We implement “Hard Stops.” If the price moves 10% down, we cut it. If it moves 30% up, we take the profit. This removes the psychological difficulty of selling.

Python

# Inside next() loop
entry = self.entry_prices.get(symbol)
if entry:
    # Stop Loss Logic
    if data.close[0] < entry * (1 - self.p.stop_loss_pct):
        self.close(data=data)
    # Take Profit Logic
    elif data.close[0] > entry * (1 + self.p.take_profit_pct):
        self.close(data=data)

2. Monthly Rebalancing

Crypto markets change fast. Every 30 days, we perform a “Health Check.”

  1. Recalculate scores for all assets.

  2. Sell anything with a negative score.

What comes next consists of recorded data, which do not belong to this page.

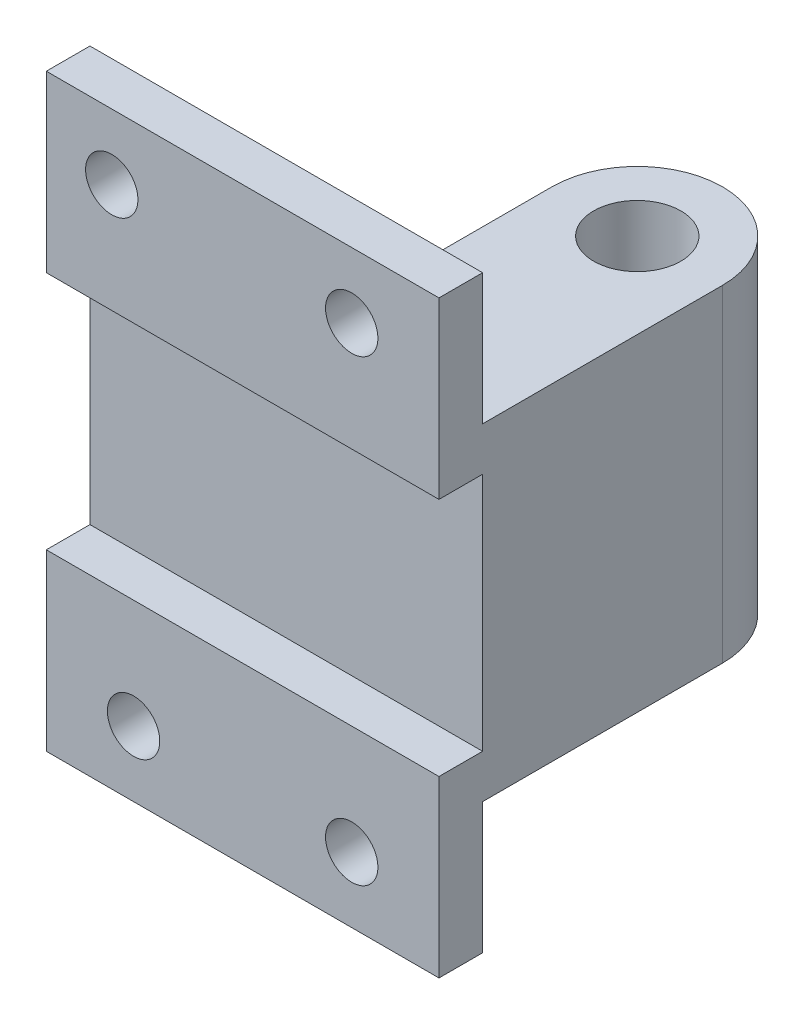
ISO-10303-21;
HEADER;
FILE_DESCRIPTION(('STEP AP214'),'2;1');
FILE_NAME('part.step','',(''),(''),'','','');
FILE_SCHEMA(('AUTOMOTIVE_DESIGN { 1 0 10303 214 1 1 1 1 }'));
ENDSEC;
DATA;
#1=APPLICATION_CONTEXT('core data for automotive mechanical design processes');
#2=APPLICATION_PROTOCOL_DEFINITION('international standard','automotive_design',2000,#1);
#3=PRODUCT_CONTEXT('',#1,'mechanical');
#4=PRODUCT('Part','Part','',(#3));
#5=PRODUCT_RELATED_PRODUCT_CATEGORY('part','',(#4));
#6=PRODUCT_DEFINITION_FORMATION('','',#4);
#7=PRODUCT_DEFINITION_CONTEXT('part definition',#1,'design');
#8=PRODUCT_DEFINITION('design','',#6,#7);
#9=PRODUCT_DEFINITION_SHAPE('','',#8);
#10=(LENGTH_UNIT() NAMED_UNIT(*) SI_UNIT(.MILLI.,.METRE.));
#11=(NAMED_UNIT(*) PLANE_ANGLE_UNIT() SI_UNIT($,.RADIAN.));
#12=(NAMED_UNIT(*) SI_UNIT($,.STERADIAN.) SOLID_ANGLE_UNIT());
#13=UNCERTAINTY_MEASURE_WITH_UNIT(LENGTH_MEASURE(1.E-05),#10,'distance_accuracy_value','');
#14=(GEOMETRIC_REPRESENTATION_CONTEXT(3) GLOBAL_UNCERTAINTY_ASSIGNED_CONTEXT((#13)) GLOBAL_UNIT_ASSIGNED_CONTEXT((#10,
#11,#12)) REPRESENTATION_CONTEXT('',''));
#15=CARTESIAN_POINT('',(0.,0.,0.));
#16=DIRECTION('',(0.,0.,1.));
#17=DIRECTION('',(1.,0.,0.));
#18=AXIS2_PLACEMENT_3D('',#15,#16,#17);
#19=CARTESIAN_POINT('',(50.0907088961746,73.,-21.471886497153));
#20=DIRECTION('',(-1.,0.,0.));
#21=DIRECTION('',(0.,0.,1.));
#22=AXIS2_PLACEMENT_3D('',#19,#20,#21);
#23=PLANE('',#22);
#24=DIRECTION('',(0.,0.,-1.));
#25=VECTOR('',#24,1.);
#26=CARTESIAN_POINT('',(50.0907088961746,67.,-21.471886497153));
#27=LINE('',#26,#25);
#28=CARTESIAN_POINT('',(50.0907088961746,67.,-20.));
#29=VERTEX_POINT('',#28);
#30=CARTESIAN_POINT('',(50.0907088961746,67.,-65.894352205504));
#31=VERTEX_POINT('',#30);
#32=EDGE_CURVE('E272',#29,#31,#27,.T.);
#33=ORIENTED_EDGE('',*,*,#32,.T.);
#34=DIRECTION('',(0.,-1.,0.));
#35=VECTOR('',#34,1.);
#36=CARTESIAN_POINT('',(50.0907088961746,73.,-65.894352205504));
#37=LINE('',#36,#35);
#38=CARTESIAN_POINT('',(50.0907088961746,73.,-65.894352205504));
#39=VERTEX_POINT('',#38);
#40=EDGE_CURVE('E44',#39,#31,#37,.T.);
#41=ORIENTED_EDGE('',*,*,#40,.F.);
#42=DIRECTION('',(0.,0.,-1.));
#43=VECTOR('',#42,1.);
#44=CARTESIAN_POINT('',(50.0907088961746,73.,-21.471886497153));
#45=LINE('',#44,#43);
#46=CARTESIAN_POINT('',(50.0907088961746,73.,-20.));
#47=VERTEX_POINT('',#46);
#48=EDGE_CURVE('E282',#47,#39,#45,.T.);
#49=ORIENTED_EDGE('',*,*,#48,.F.);
#50=DIRECTION('',(0.,-1.,0.));
#51=VECTOR('',#50,1.);
#52=CARTESIAN_POINT('',(50.0907088961746,73.,-20.));
#53=LINE('',#52,#51);
#54=EDGE_CURVE('E276',#47,#29,#53,.T.);
#55=ORIENTED_EDGE('',*,*,#54,.T.);
#56=EDGE_LOOP('',(#33,#41,#49,#55));
#57=FACE_BOUND('',#56,.T.);
#58=ADVANCED_FACE('F37',(#57),#23,.F.);
#59=CARTESIAN_POINT('',(65.7643904962565,73.,-65.894352205504));
#60=DIRECTION('',(0.,-1.,0.));
#61=DIRECTION('',(0.,0.,-1.));
#62=AXIS2_PLACEMENT_3D('',#59,#60,#61);
#63=PLANE('',#62);
#64=DIRECTION('',(-0.727333325582508,0.,0.686284367807609));
#65=VECTOR('',#64,1.);
#66=CARTESIAN_POINT('',(55.0399108357266,73.,-77.2602987759523));
#67=LINE('',#66,#65);
#68=CARTESIAN_POINT('',(54.159540176039,73.,-76.4296141360919));
#69=VERTEX_POINT('',#68);
#70=CARTESIAN_POINT('',(0.,73.,-25.3267092049918));
#71=VERTEX_POINT('',#70);
#72=EDGE_CURVE('E278',#69,#71,#67,.T.);
#73=ORIENTED_EDGE('',*,*,#72,.T.);
#74=DIRECTION('',(0.,0.,-1.));
#75=VECTOR('',#74,1.);
#76=CARTESIAN_POINT('',(0.,73.,-20.));
#77=LINE('',#76,#75);
#78=CARTESIAN_POINT('',(0.,73.,-20.));
#79=VERTEX_POINT('',#78);
#80=EDGE_CURVE('E51',#79,#71,#77,.T.);
#81=ORIENTED_EDGE('',*,*,#80,.F.);
#82=DIRECTION('',(-1.,0.,0.));
#83=VECTOR('',#82,1.);
#84=CARTESIAN_POINT('',(0.,73.,-20.));
#85=LINE('',#84,#83);
#86=EDGE_CURVE('E290',#47,#79,#85,.T.);
#87=ORIENTED_EDGE('',*,*,#86,.F.);
#88=ORIENTED_EDGE('',*,*,#48,.T.);
#89=CARTESIAN_POINT('',(65.7643904962565,73.,-65.894352205504));
#90=DIRECTION('',(0.,-1.,0.));
#91=DIRECTION('',(0.,0.,-1.));
#92=AXIS2_PLACEMENT_3D('',#89,#90,#91);
#93=CIRCLE('',#92,15.6736816000819);
#94=EDGE_CURVE('E281',#39,#69,#93,.T.);
#95=ORIENTED_EDGE('',*,*,#94,.T.);
#96=EDGE_LOOP('',(#73,#81,#87,#88,#95));
#97=FACE_BOUND('',#96,.T.);
#98=ADVANCED_FACE('F264',(#97),#63,.F.);
#99=CARTESIAN_POINT('',(65.7643904962565,67.,-65.894352205504));
#100=DIRECTION('',(0.,-1.,0.));
#101=DIRECTION('',(0.,0.,-1.));
#102=AXIS2_PLACEMENT_3D('',#99,#100,#101);
#103=PLANE('',#102);
#104=DIRECTION('',(0.,0.,-1.));
#105=VECTOR('',#104,1.);
#106=CARTESIAN_POINT('',(0.,67.,-20.));
#107=LINE('',#106,#105);
#108=CARTESIAN_POINT('',(0.,67.,-20.));
#109=VERTEX_POINT('',#108);
#110=CARTESIAN_POINT('',(0.,67.,-25.3267092049918));
#111=VERTEX_POINT('',#110);
#112=EDGE_CURVE('E236',#109,#111,#107,.T.);
#113=ORIENTED_EDGE('',*,*,#112,.T.);
#114=DIRECTION('',(-0.727333325582508,0.,0.686284367807609));
#115=VECTOR('',#114,1.);
#116=CARTESIAN_POINT('',(55.0399108357266,67.,-77.2602987759523));
#117=LINE('',#116,#115);
#118=CARTESIAN_POINT('',(54.159540176039,67.,-76.4296141360918));
#119=VERTEX_POINT('',#118);
#120=EDGE_CURVE('E11',#119,#111,#117,.T.);
#121=ORIENTED_EDGE('',*,*,#120,.F.);
#122=CARTESIAN_POINT('',(65.7643904962565,67.,-65.894352205504));
#123=DIRECTION('',(0.,-1.,0.));
#124=DIRECTION('',(0.,0.,-1.));
#125=AXIS2_PLACEMENT_3D('',#122,#123,#124);
#126=CIRCLE('',#125,15.6736816000819);
#127=EDGE_CURVE('E277',#31,#119,#126,.T.);
#128=ORIENTED_EDGE('',*,*,#127,.F.);
#129=ORIENTED_EDGE('',*,*,#32,.F.);
#130=DIRECTION('',(-1.,0.,0.));
#131=VECTOR('',#130,1.);
#132=CARTESIAN_POINT('',(0.,67.,-20.));
#133=LINE('',#132,#131);
#134=EDGE_CURVE('E241',#29,#109,#133,.T.);
#135=ORIENTED_EDGE('',*,*,#134,.T.);
#136=EDGE_LOOP('',(#113,#121,#128,#129,#135));
#137=FACE_BOUND('',#136,.T.);
#138=ADVANCED_FACE('F237',(#137),#103,.T.);
#139=CARTESIAN_POINT('',(65.7643904962565,73.,-65.894352205504));
#140=DIRECTION('',(0.,-1.,0.));
#141=DIRECTION('',(0.,0.,-1.));
#142=AXIS2_PLACEMENT_3D('',#139,#140,#141);
#143=CYLINDRICAL_SURFACE('',#142,15.6736816000819);
#144=ORIENTED_EDGE('',*,*,#127,.T.);
#145=DIRECTION('',(0.,-1.,0.));
#146=VECTOR('',#145,1.);
#147=CARTESIAN_POINT('',(54.159540176039,73.,-76.4296141360919));
#148=LINE('',#147,#146);
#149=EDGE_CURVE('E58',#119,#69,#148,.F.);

  3. Buy the top assets with positive scores.


Part 5: Analysis & Metrics

To fix the dependency issues with the library empyrical, we wrote a custom RiskMetrics class. This allows us to calculate institutional-grade metrics without version conflicts.

The Sharpe Ratio Calculation:

The Sharpe ratio tells us if the returns were worth the stress (volatility).

Python

@staticmethod
def sharpe_ratio(returns, risk_free=0.0, periods=365):
    # Calculate excess return over the risk-free rate
    excess_returns = returns - (risk_free / periods)
    std = excess_returns.std()
    
    if std == 0: return 0.0
    
    # Annualize the result
    return np.sqrt(periods) * excess_returns.mean() / std

Performance Analysis

The backtest covered the period of 2025, a year characterized by significant volatility in the crypto markets. The strategy demonstrated its core value proposition: capital preservation during bear trends.

1. Key Metrics Overview

Metric Result Interpretation
Total Return +4.74% Positive profitability in a year where the benchmark (Grey Line) ended negative.
Max Drawdown -19.71% The system hit its risk limits late in the year. This falls just within the 20% max portfolio risk parameter we set.
Sharpe Ratio 0.296 A lower score indicating that for every unit of risk taken, the return was modest. This is typical for trend-following strategies during choppy/sideways years.
Final Value $104,744 The portfolio grew capital while the buy-and-hold benchmark lost value (ending below $90k).

2. Visual Analysis (The Charts)

Pasted image 20251205151020.png

A. The Equity Curve (Capital Preservation)

The most striking feature of the performance is visible in Q1 2025 (January - March).

B. The Catch-Up Phase

From April to September, as the market recovered, the strategy re-entered. You can see the Red line aggressively catching up to the Grey line. The Momentum component worked perfectly here, capturing the bulk of the mid-year rally (July alone returned +8.4%).

C. The Drawdown (The “Whipsaw” Risk)

The strategy struggled in Q4 (October - November).

3. The Verdict

The strategy successfully performed its primary job: it outperformed the benchmark by not losing money when the market crashed.

While a 4.74% return may seem modest compared to a bull market frenzy, it is infinitely better than the significant loss a “Buy and Hold” investor would have suffered in 2025. The system proved it acts as a volatility shield, effectively “flattening” the downside while still attempting to capture the upside. ## Summary

This script provides a professional framework for crypto backtesting. By decoupling the Signal (Composite Score) from the Sizing (ATR/Risk Parity), we create a system that can capture upside trends while surviving the inevitable crypto crashes.